O trecho abaixo mostra-nos um pouco esse contraste:

Ramiro e Welber saíram do clube pelo caminho mais longo, percorrendo toda a extensão do ancoradouro, olhando os veleiros e lanchas, admirando a beleza da paisagem da enseada de Botafogo, com o Pão de Açúcar quase ao alcance da mão.[...] ─ É que ele está acostumado com o sol e o mar, sua visão não está familiarizada com a escuridão das noites chuvosas ─ disse Welber. ( p. 47)

    
 O romance em estudo está dividido em três partes.Cada uma introduzida por uma espécie de prólogo, cuja função é fazer um flashback da vida do protagonista, a fim de que o leitor estabeleça uma relação entre os acontecimentos narrados e o comportamento futuro da personagem Aldo Bruno. Ele é um arquiteto que só conseguiu estabilidade e reconhecimento profissional, após se casar com Camila, uma psicanalista famosa, de família tradicional, excelente situação financeira e, consequentemente, prestígio social.
     No primeiro prólogo, temos um episódio de violência envolvendo um menino, supostamente de classe média, que é agredido fisicamente por um menor abandonado, sem que haja alguma defesa ou resistência por parte da vítima. É interessante observar que nenhuma personagem desse episódio é nomeada pelo narrador. Esse recurso estilístico de que o autor se utiliza eleva as personagens à dimensão do universal — cada personagem representa todos os homens, mulheres e crianças da humanidade contemporânea — Com esse recurso García-Roza conduz o leitor a uma reflexão sobre a insegurança e o medo que estão presentes em todas as camadas sociais das grandes cidades. Podemos associar essa atitude agressiva ao chamado fenômeno bullying que, segundo Cléo Fante,


é uma forma de violência que resulta em sérios prejuízos não somente em ambiente escolar, à sociedade, através das atitudes de seus membros. As relações desestruturadas por meio de condutas abusivas e intimidadoras incidem na formação de valores e na formação do caráter, o que refletirá na vida do indivíduo, no campo pessoal, profissional, familiar e social. É uma dinâmica psicossocial expansiva que envolve um número cada vez maior de crianças e adolescentes, meninos e meninas reproduzem a vitimação de outro(s) ( FANTE, 2008).

   
  Vale destacar que, enquanto a criança é espancada de maneira covarde, um homem assiste à cena, passivamente, da janela do seu apartamento, tenta gritar, mas não consegue. Tal comportamento de aparente indiferença perante a dor do outro nos remete ao conceito de "atitude blasé" cunhado por Georg Simmel, cuja essência consiste "no embotamento do poder de discriminar.” (Simell, 1967, p.18)
Essa atitude blasé representa, para Simmel, um dos principais traços do homem urbano que, massacrado pela corrida desenfreada pelo dinheiro e bens de consumo, vai se distanciando das relações afetivas.

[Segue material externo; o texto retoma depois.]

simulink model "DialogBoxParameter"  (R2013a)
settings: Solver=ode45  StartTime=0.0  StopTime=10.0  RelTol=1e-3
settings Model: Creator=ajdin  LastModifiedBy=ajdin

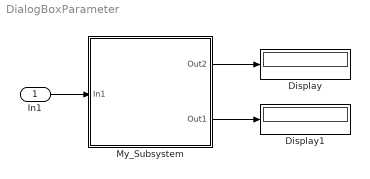
== system DialogBoxParameter ==
  In1 : Inport
  Display : Display
  Display1 : Display
  My_Subsystem : Subsystem  mask{GAIN=87}
      mask init:
      | if(GAIN>5)
      |     Thresh=0.1;
      |     
      | else 
      |     Thresh=0.01;
      |     
      | end
      mask Display:
      | disp('my|sys');
      | color('blue');
      | 
      | port_label('output', 1, 'out');
      | port_label('output', 2, 'Thresh');
      | port_label('input', 1, 'signal');
  wires:
  In1/1 -> My_Subsystem/1(In1)
  My_Subsystem/1(Out2) -> Display/1
  My_Subsystem/2(Out1) -> Display1/1

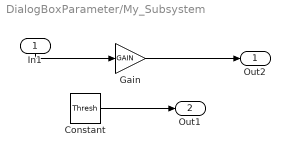
== system DialogBoxParameter/My_Subsystem ==
  In1 : Inport
  Constant : Constant  Value=Thresh
  Gain : Gain  Gain=GAIN
  Out2 : Outport
  Out1 : Outport  Port=2
  wires:
  In1/1 -> Gain/1
  Gain/1 -> Out2/1
  Constant/1 -> Out1/1

Esse estado de ânimo é o fiel reflexo subjetivo da economia do dinheiro completamente interiorizada. Sendo o equivalente a todas as múltiplas coisas de uma mesma forma, o dinheiro torna-se o mais assustador dos niveladores. Pois expressa todas as diferenças qualitativas das coisas em termos de “quanto?” O dinheiro, com toda a sua essência de cor e indiferença, torna-se o denominador comum de todos os valores; arranca irreparavelmente a essência das coisas, sua individualidade, seu valor específico e sua incomparabilidade (SIMMEL, 1967, p.18/19).

    
 Com o anonimato das personagens, García-Roza deixa claro que, nas grandes metrópoles contemporâneas, a subjetividade não interfere no social e que todos os seres humanos, independentemente de idade ou condição sócio-cultural, sentem-se perplexos e impotentes diante do medo causado pela violência e a criminalidade.      Embora o menino não seja nomeado, o narrador nos fornece indícios de que se trata do protagonista da história, o arquiteto Aldo Bruno, um homem atormentado por um trauma de infância que o leva ao homicídio e, posteriormente, ao suicídio.
     No segundo prólogo, o menino já adolescente, mas ainda sob efeito do trauma causado pela agressão sofrida na infância, volta a sentir-se acuado pelo medo do mesmo menor que o agredira. Assim, vê-se paralisado, dominado pelo fantasma daquela cena que ficara recalcada em seu inconsciente. Tendo em vista que, segundo Freud, “a essência do recalque consiste simplesmente em afastar determinada coisa do consciente, mantendo-a à distância “.(JORGE, 2005. P.26).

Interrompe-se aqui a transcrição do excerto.